Да, это вам не ленивый Гришка, не шалый Жаба и даже не Поливанов – мямля, маменькин сынок, хоть и старый товарищ. Костя прав, что его проучил, всё же Игорь зазнался. Как он тогда некстати с «Тимуром» полез! Только неприятно, что так долго длится вся эта история; хорошо бы он скорее помирился с ребятами.
Костя простил Поливанова сам через неделю. Попросту, как ни в чём не бывало сказал вдруг: «Эй ты, квашеный нос, чего один там стоишь? Просись в наш ряд».
Накануне Игорю прислали из Москвы маленькую бандероль – открытки с портретами героев Отечественной войны, и они стали ходить из рук в руки по палате. Одну Игорь тут же проспорил Ганшину, ещё несколько променял Косте. «Кто не меняется – тот жила, а ты молодец», – сказал Костя, засовывая открытки в свой мешок. Теперь Поливанов стоял между Ганшиным и Жабой, и эти новые места утвердились в палате надолго…
«Да если вспомнить, неплохо жили и с коптилкой», – думал Ганшин. А свет над его постелью сиял настоящий, электрический, от какого давно отвыкли. Совсем как в Сокольниках.
Костя вынул из-под одеяла растрёпанный «Таинственный остров», Поливанов стал перебирать марки, разложив их на постели… «Не написать ли домой?» – подумал Ганшин.

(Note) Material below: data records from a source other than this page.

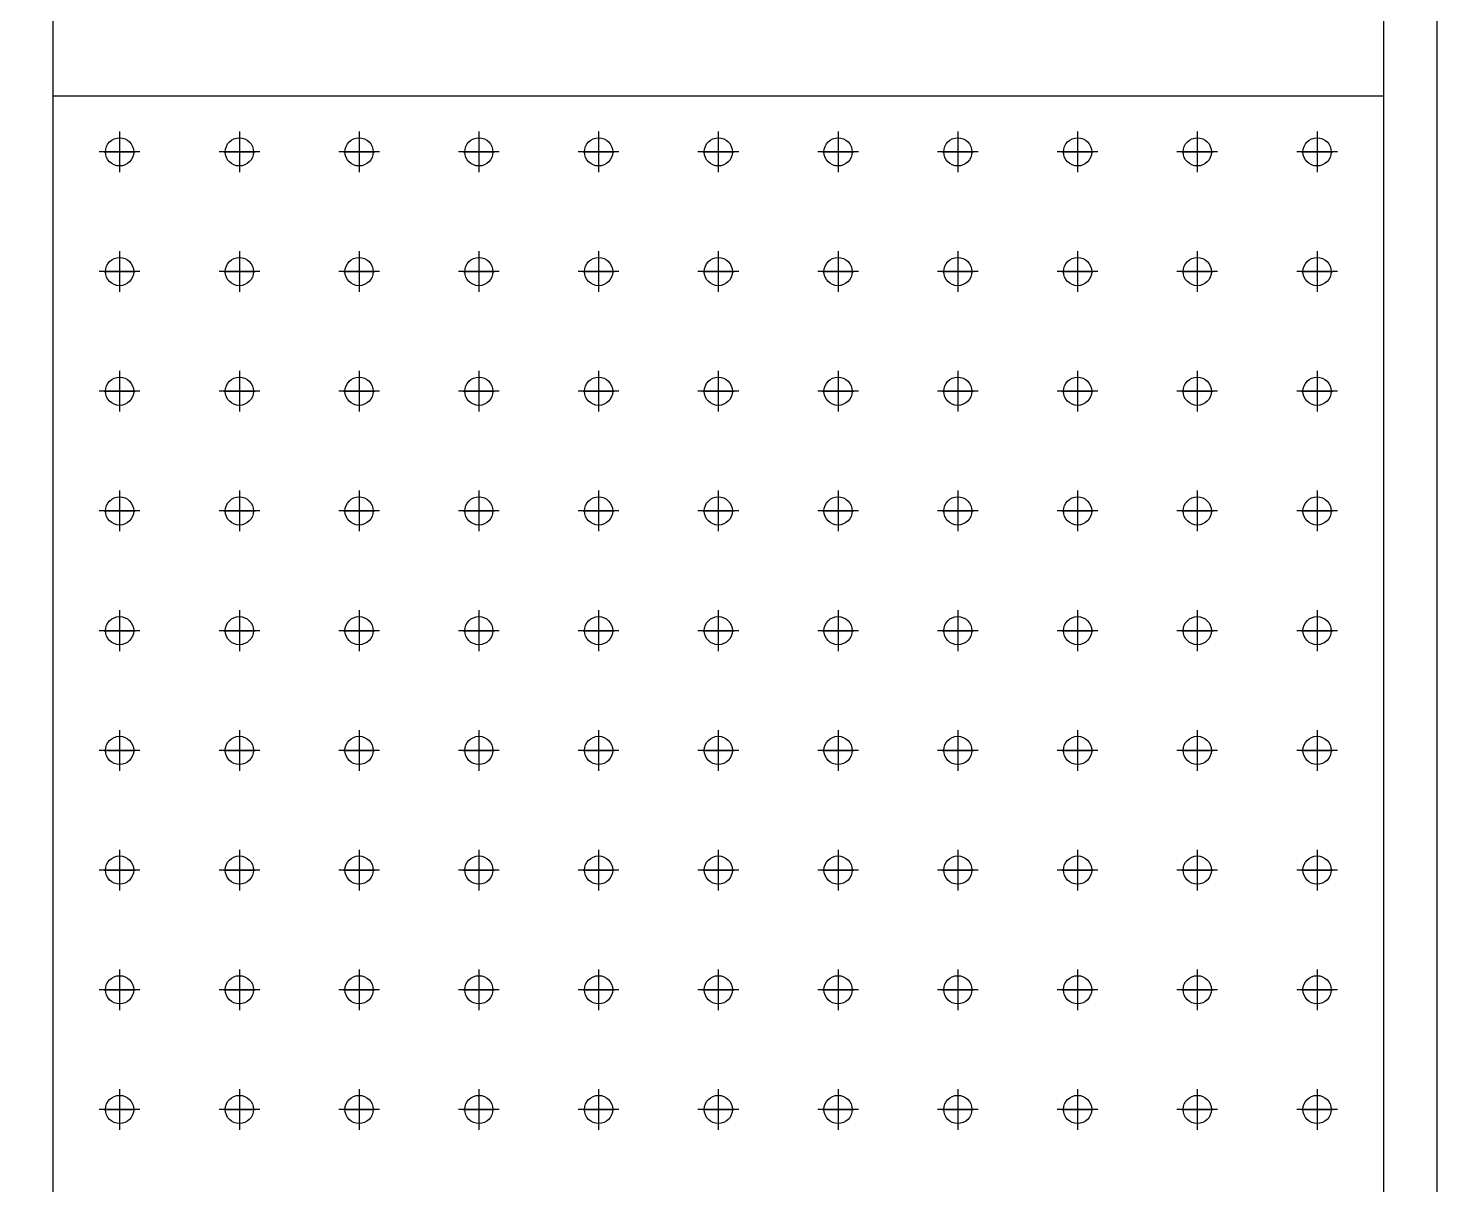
# Model space of a CAD drawing. Header units: millimetres. Extents: x 0 to 25222, y 0 to 17836.
# Drawn here: x 9319 to 10378, y 12459 to 13329 of the extents above; entities that cross this region are included whole.
import ezdxf

# ---------------------------------------------------------------- set-up
doc = ezdxf.new("R2010")
doc.units = ezdxf.units.MM
doc.linetypes.add('CENTER', pattern=[2, 1.25, -0.25, 0.25, -0.25])
doc.layers.add('CENTER', color=1, linetype='CENTER')

msp = doc.modelspace()

# ---------------------------------------------------------------- linework, layer by layer
at = {"color": 3}
for p, q in [((9338.1, 11568), (9338.1, 15688)), ((10338.1, 13278), (9338.1, 13278))]:
    msp.add_line(p, q, dxfattribs=at)
for points in [[(3078.1, 11528), (3078.1, 15728), (10378.1, 15728), (10378.1, 11528)], [(3118.1, 11568), (3118.1, 15688), (10338.1, 15688), (10338.1, 11568)]]:
    msp.add_lwpolyline(points, close=True, dxfattribs=at)
for centre in [(9388.1, 13236.1), (9478.1, 13236.1), (9568.1, 13236.1), (9658.1, 13236.1), (9748.1, 13236.1), (9838.1, 13236.1), (9928.1, 13236.1), (10018.1, 13236.1), (10108.1, 13236.1), (10198.1, 13236.1), (10288.1, 13236.1), (9388.1, 13146.1), (9478.1, 13146.1), (9568.1, 13146.1), (9658.1, 13146.1), (9748.1, 13146.1), (9838.1, 13146.1), (9928.1, 13146.1), (10018.1, 13146.1), (10108.1, 13146.1), (10198.1, 13146.1), (10288.1, 13146.1), (9388.1, 13056.1), (9478.1, 13056.1), (9568.1, 13056.1), (9658.1, 13056.1), (9748.1, 13056.1), (9838.1, 13056.1), (9928.1, 13056.1), (10018.1, 13056.1), (10108.1, 13056.1), (10198.1, 13056.1), (10288.1, 13056.1), (9388.1, 12966.1), (9478.1, 12966.1), (9568.1, 12966.1), (9658.1, 12966.1), (9748.1, 12966.1), (9838.1, 12966.1), (9928.1, 12966.1), (10018.1, 12966.1), (10108.1, 12966.1), (10198.1, 12966.1), (10288.1, 12966.1), (9388.1, 12876.1), (9478.1, 12876.1), (9568.1, 12876.1), (9658.1, 12876.1), (9748.1, 12876.1), (9838.1, 12876.1), (9928.1, 12876.1), (10018.1, 12876.1), (10108.1, 12876.1), (10198.1, 12876.1), (10288.1, 12876.1), (9388.1, 12786.1), (9478.1, 12786.1), (9568.1, 12786.1), (9658.1, 12786.1), (9748.1, 12786.1), (9838.1, 12786.1), (9928.1, 12786.1), (10018.1, 12786.1), (10108.1, 12786.1), (10198.1, 12786.1), (10288.1, 12786.1), (9388.1, 12696.1), (9478.1, 12696.1), (9568.1, 12696.1), (9658.1, 12696.1), (9748.1, 12696.1), (9838.1, 12696.1), (9928.1, 12696.1), (10018.1, 12696.1), (10108.1, 12696.1), (10198.1, 12696.1), (10288.1, 12696.1), (9388.1, 12606.1), (9478.1, 12606.1), (9568.1, 12606.1), (9658.1, 12606.1), (9748.1, 12606.1), (9838.1, 12606.1), (9928.1, 12606.1), (10018.1, 12606.1), (10108.1, 12606.1), (10198.1, 12606.1), (10288.1, 12606.1), (9388.1, 12516.1), (9478.1, 12516.1), (9568.1, 12516.1), (9658.1, 12516.1), (9748.1, 12516.1), (9838.1, 12516.1), (9928.1, 12516.1), (10018.1, 12516.1), (10108.1, 12516.1), (10198.1, 12516.1), (10288.1, 12516.1)]:
    msp.add_circle(centre, 10.6)
at = {"layer": 'CENTER', "linetype": 'CENTER', "ltscale": 50}
for p, q in [((9388.1, 13251.4), (9388.1, 13220.8)), ((9388.1, 13247.9), (9388.1, 13224.3)), ((9478.1, 13251.4), (9478.1, 13220.8)), ((9478.1, 13247.9), (9478.1, 13224.3)), ((9568.1, 13251.4), (9568.1, 13220.8)), ((9568.1, 13247.9), (9568.1, 13224.3)), ((9658.1, 13251.4), (9658.1, 13220.8)), ((9658.1, 13247.9), (9658.1, 13224.3)), ((9748.1, 13251.4), (9748.1, 13220.8)), ((9748.1, 13247.9), (9748.1, 13224.3)), ((9838.1, 13251.4), (9838.1, 13220.8)), ((9838.1, 13247.9), (9838.1, 13224.3)), ((9928.1, 13251.4), (9928.1, 13220.8)), ((9928.1, 13247.9), (9928.1, 13224.3)), ((10018.1, 13251.4), (10018.1, 13220.8)), ((10018.1, 13247.9), (10018.1, 13224.3)), ((10108.1, 13251.4), (10108.1, 13220.8)), ((10108.1, 13247.9), (10108.1, 13224.3)), ((10198.1, 13251.4), (10198.1, 13220.8)), ((10198.1, 13247.9), (10198.1, 13224.3)), ((10288.1, 13251.4), (10288.1, 13220.8)), ((10288.1, 13247.9), (10288.1, 13224.3)), ((9403.4, 13236.1), (9372.8, 13236.1)), ((9376.4, 13236.1), (9399.9, 13236.1)), ((9399.9, 13236.1), (9376.4, 13236.1)), ((9376.4, 13236.1), (9399.9, 13236.1)), ((9493.4, 13236.1), (9462.8, 13236.1)), ((9466.4, 13236.1), (9489.9, 13236.1)), ((9489.9, 13236.1), (9466.4, 13236.1)), ((9466.4, 13236.1), (9489.9, 13236.1)), ((9583.4, 13236.1), (9552.8, 13236.1)), ((9556.4, 13236.1), (9579.9, 13236.1)), ((9579.9, 13236.1), (9556.4, 13236.1)), ((9556.4, 13236.1), (9579.9, 13236.1)), ((9673.4, 13236.1), (9642.8, 13236.1)), ((9646.4, 13236.1), (9669.9, 13236.1)), ((9669.9, 13236.1), (9646.4, 13236.1)), ((9646.4, 13236.1), (9669.9, 13236.1)), ((9763.4, 13236.1), (9732.8, 13236.1)), ((9736.4, 13236.1), (9759.9, 13236.1)), ((9759.9, 13236.1), (9736.4, 13236.1)), ((9736.4, 13236.1), (9759.9, 13236.1)), ((9853.4, 13236.1), (9822.8, 13236.1)), ((9826.4, 13236.1), (9849.9, 13236.1)), ((9849.9, 13236.1), (9826.4, 13236.1)), ((9826.4, 13236.1), (9849.9, 13236.1)), ((9943.4, 13236.1), (9912.8, 13236.1)), ((9916.4, 13236.1), (9939.9, 13236.1)), ((9939.9, 13236.1), (9916.4, 13236.1)), ((9916.4, 13236.1), (9939.9, 13236.1)), ((10033.4, 13236.1), (10002.8, 13236.1)), ((10006.4, 13236.1), (10029.9, 13236.1)), ((10029.9, 13236.1), (10006.4, 13236.1)), ((10006.4, 13236.1), (10029.9, 13236.1)), ((10123.4, 13236.1), (10092.8, 13236.1)), ((10096.4, 13236.1), (10119.9, 13236.1)), ((10119.9, 13236.1), (10096.4, 13236.1)), ((10096.4, 13236.1), (10119.9, 13236.1)), ((10213.4, 13236.1), (10182.8, 13236.1)), ((10186.4, 13236.1), (10209.9, 13236.1)), ((10209.9, 13236.1), (10186.4, 13236.1)), ((10186.4, 13236.1), (10209.9, 13236.1)), ((10303.4, 13236.1), (10272.8, 13236.1)), ((10276.4, 13236.1), (10299.9, 13236.1)), ((10299.9, 13236.1), (10276.4, 13236.1)), ((10276.4, 13236.1), (10299.9, 13236.1)), ((9388.1, 13161.4), (9388.1, 13130.8)), ((9478.1, 13161.4), (9478.1, 13130.8)), ((9568.1, 13161.4), (9568.1, 13130.8)), ((9658.1, 13161.4), (9658.1, 13130.8)), ((9748.1, 13161.4), (9748.1, 13130.8)), ((9838.1, 13161.4), (9838.1, 13130.8)), ((9928.1, 13161.4), (9928.1, 13130.8)), ((10018.1, 13161.4), (10018.1, 13130.8)), ((10108.1, 13161.4), (10108.1, 13130.8)), ((10198.1, 13161.4), (10198.1, 13130.8)), ((10288.1, 13161.4), (10288.1, 13130.8)), ((9388.1, 13157.9), (9388.1, 13134.3)), ((9478.1, 13157.9), (9478.1, 13134.3)), ((9568.1, 13157.9), (9568.1, 13134.3)), ((9658.1, 13157.9), (9658.1, 13134.3)), ((9748.1, 13157.9), (9748.1, 13134.3)), ((9838.1, 13157.9), (9838.1, 13134.3)), ((9928.1, 13157.9), (9928.1, 13134.3)), ((10018.1, 13157.9), (10018.1, 13134.3)), ((10108.1, 13157.9), (10108.1, 13134.3)), ((10198.1, 13157.9), (10198.1, 13134.3)), ((10288.1, 13157.9), (10288.1, 13134.3)), ((9403.4, 13146.1), (9372.8, 13146.1)), ((9376.4, 13146.1), (9399.9, 13146.1)), ((9399.9, 13146.1), (9376.4, 13146.1)), ((9376.4, 13146.1), (9399.9, 13146.1)), ((9493.4, 13146.1), (9462.8, 13146.1)), ((9466.4, 13146.1), (9489.9, 13146.1)), ((9489.9, 13146.1), (9466.4, 13146.1)), ((9466.4, 13146.1), (9489.9, 13146.1)), ((9583.4, 13146.1), (9552.8, 13146.1)), ((9556.4, 13146.1), (9579.9, 13146.1)), ((9579.9, 13146.1), (9556.4, 13146.1)), ((9556.4, 13146.1), (9579.9, 13146.1)), ((9673.4, 13146.1), (9642.8, 13146.1)), ((9646.4, 13146.1), (9669.9, 13146.1)), ((9669.9, 13146.1), (9646.4, 13146.1)), ((9646.4, 13146.1), (9669.9, 13146.1)), ((9763.4, 13146.1), (9732.8, 13146.1)), ((9736.4, 13146.1), (9759.9, 13146.1)), ((9759.9, 13146.1), (9736.4, 13146.1)), ((9736.4, 13146.1), (9759.9, 13146.1)), ((9853.4, 13146.1), (9822.8, 13146.1)), ((9826.4, 13146.1), (9849.9, 13146.1)), ((9849.9, 13146.1), (9826.4, 13146.1)), ((9826.4, 13146.1), (9849.9, 13146.1)), ((9943.4, 13146.1), (9912.8, 13146.1)), ((9916.4, 13146.1), (9939.9, 13146.1)), ((9939.9, 13146.1), (9916.4, 13146.1)), ((9916.4, 13146.1), (9939.9, 13146.1)), ((10033.4, 13146.1), (10002.8, 13146.1)), ((10006.4, 13146.1), (10029.9, 13146.1)), ((10029.9, 13146.1), (10006.4, 13146.1)), ((10006.4, 13146.1), (10029.9, 13146.1)), ((10123.4, 13146.1), (10092.8, 13146.1)), ((10096.4, 13146.1), (10119.9, 13146.1)), ((10119.9, 13146.1), (10096.4, 13146.1)), ((10096.4, 13146.1), (10119.9, 13146.1)), ((10213.4, 13146.1), (10182.8, 13146.1)), ((10186.4, 13146.1), (10209.9, 13146.1)), ((10209.9, 13146.1), (10186.4, 13146.1)), ((10186.4, 13146.1), (10209.9, 13146.1)), ((10303.4, 13146.1), (10272.8, 13146.1)), ((10276.4, 13146.1), (10299.9, 13146.1)), ((10299.9, 13146.1), (10276.4, 13146.1)), ((10276.4, 13146.1), (10299.9, 13146.1)), ((9388.1, 13071.4), (9388.1, 13040.8)), ((9388.1, 13067.9), (9388.1, 13044.3)), ((9478.1, 13071.4), (9478.1, 13040.8)), ((9478.1, 13067.9), (9478.1, 13044.3)), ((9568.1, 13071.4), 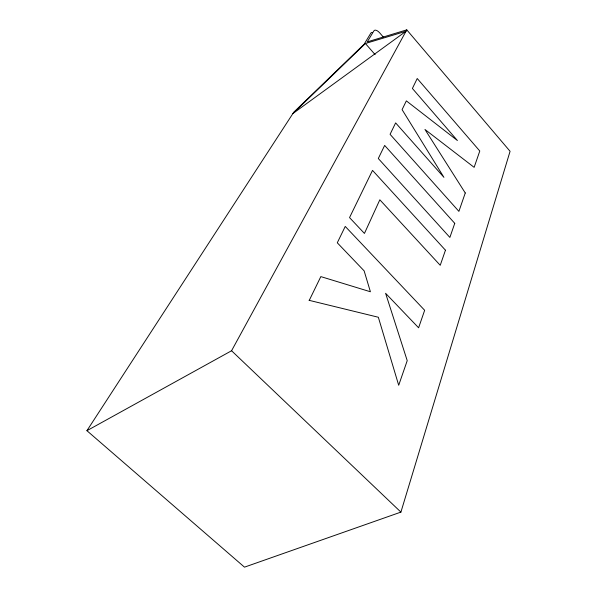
<?xml version="1.0" encoding="UTF-8"?>
<svg xmlns="http://www.w3.org/2000/svg" width="597" height="597" viewBox="0 0 597 597"><rect width="100%" height="100%" fill="white"/><g stroke="black" fill="none" stroke-linecap="round" stroke-linejoin="round"><path stroke-width="0.9" d="M372.222 32.417A6.507 3.075 54.8 0 0 370.812 33.171L364.133 44.215L293.821 112.124L86.923 430.691L244.486 567.15L400.908 512.107L510.077 151.295L406.773 29.85L367.245 41.902L373.886 30.88A6.522 3.06 54.9 0 1 379.744 32.925L383.378 37.141M309.425 300.037L320.828 276.605L370.409 291.761L364.14 270.866L337.283 242.792L345.245 226.427L424.654 310.291L418.601 327.79L385.602 293.299L407.221 360.648L398.699 385.266L378.341 317.253L308.97 300.291M86.923 430.691L231.569 350.745L406.773 29.85M365.416 43.506L292.888 113.564L406.02 31.238L365.416 43.506L375.11 54.633M231.569 350.745L400.908 512.107M445.459 250.203L440.228 265.299L379.834 199.794L364.439 233.427L349.543 217.599L372.521 170.384L445.459 250.203M454.75 223.338L449.877 237.427L378.297 158.511L384.662 145.429L454.75 223.338M465.264 192.98L458.899 211.368L390.072 134.325L395.632 122.9L443.922 177.339L402.087 109.639L406.348 100.871L457.406 140.519L412.393 88.46L417.228 78.513L479.787 151.011L474.137 167.347L424.967 129.474L465.264 192.98"/></g></svg>
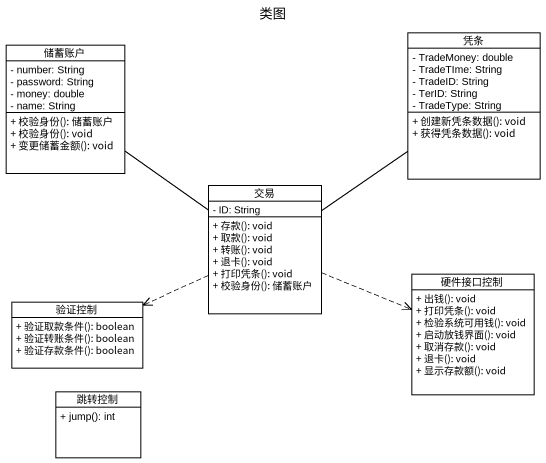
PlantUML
@startuml
title 类图
hide circle
hide empty members
skinparam classAttributeIconSize 0
class 储蓄账户 {
  - number: String
  - password: String
  - money: double
  - name: String
  + 校验身份(): 储蓄账户
  + 校验身份(): void
  + 变更储蓄金额(): void
}
class 凭条 {
  - TradeMoney: double
  - TradeTIme: String
  - TradeID: String
  - TerID: String
  - TradeType: String
  + 创建新凭条数据(): void
  + 获得凭条数据(): void
}
class 交易 {
  - ID: String
  + 存款(): void
  + 取款(): void
  + 转账(): void
  + 退卡(): void
  + 打印凭条(): void
  + 校验身份(): 储蓄账户
}
class 验证控制 {
  + 验证取款条件(): boolean
  + 验证转账条件(): boolean
  + 验证存款条件(): boolean
}
class 硬件接口控制 {
  + 出钱(): void
  + 打印凭条(): void
  + 检验系统可用钱(): void
  + 启动放钱界面(): void
  + 取消存款(): void
  + 退卡(): void
  + 显示存款额(): void
}
class 跳转控制 {
  + jump(): int
}
交易 -up- 储蓄账户
交易 -up- 凭条
交易 .left.> 验证控制
交易 .right.> 硬件接口控制
@enduml
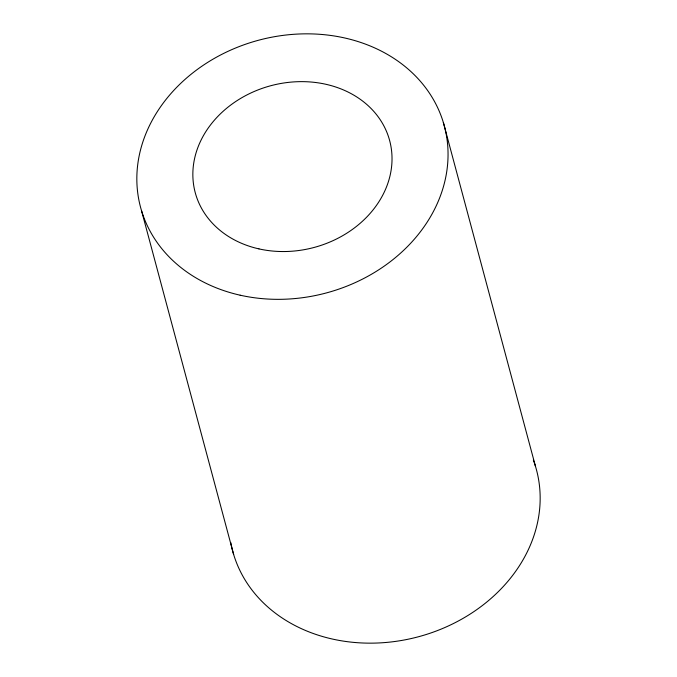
<?xml version="1.0" encoding="UTF-8"?>
<svg xmlns="http://www.w3.org/2000/svg" width="677" height="677" viewBox="0 0 677 677"><rect width="100%" height="100%" fill="white"/><g stroke="black" fill="none" stroke-linecap="round" stroke-linejoin="round"><path stroke-width="1.02" d="M443.342 122.495L535.473 466.309M141.527 210.691L233.658 554.505M533.341 459.996A157.233 130.813 -15 0 1 419.215 636.549A157.233 130.813 -15 0 1 230.747 542.489M240.157 295.197A157.233 130.813 -15 0 0 445.508 130.771A157.233 130.813 -15 0 0 191.65 73.801A157.233 130.813 -15 0 0 240.157 295.197M258.978 248.899A100.636 83.72 -15 0 0 390.401 143.668A100.636 83.72 -15 0 0 227.937 107.203A100.636 83.72 -15 0 0 258.978 248.899"/></g></svg>

Из мешка, висящего на спинке кровати, где хранится полотенце, он достал карандаш, четвертушку бумаги, подложил книгу, поставил её на груди и старательно вывел: «Дорогая мама! Как ты живешь? Я живу хорошо». Первые три фразы в каждом письме одинаковые, и о них не надо думать. А дальше что? «Директор подарил нашей палате лампочку…» Что-то не совсем гладко. К тому же первая строчка ровная, мелкая, вторая крупнее и вниз поехала, а дальше – совсем грязь. Ладно, письмо и до завтра подождёт. Ведь скоро ужин, потом придут гасить свет. Свет! И радость тёплой волной захлестнула Ганшина, из головы прошла по всему телу, по неподвижным ногам и растаяла где-то в кончиках пальцев. Как бы веселее провести оставшийся вечер?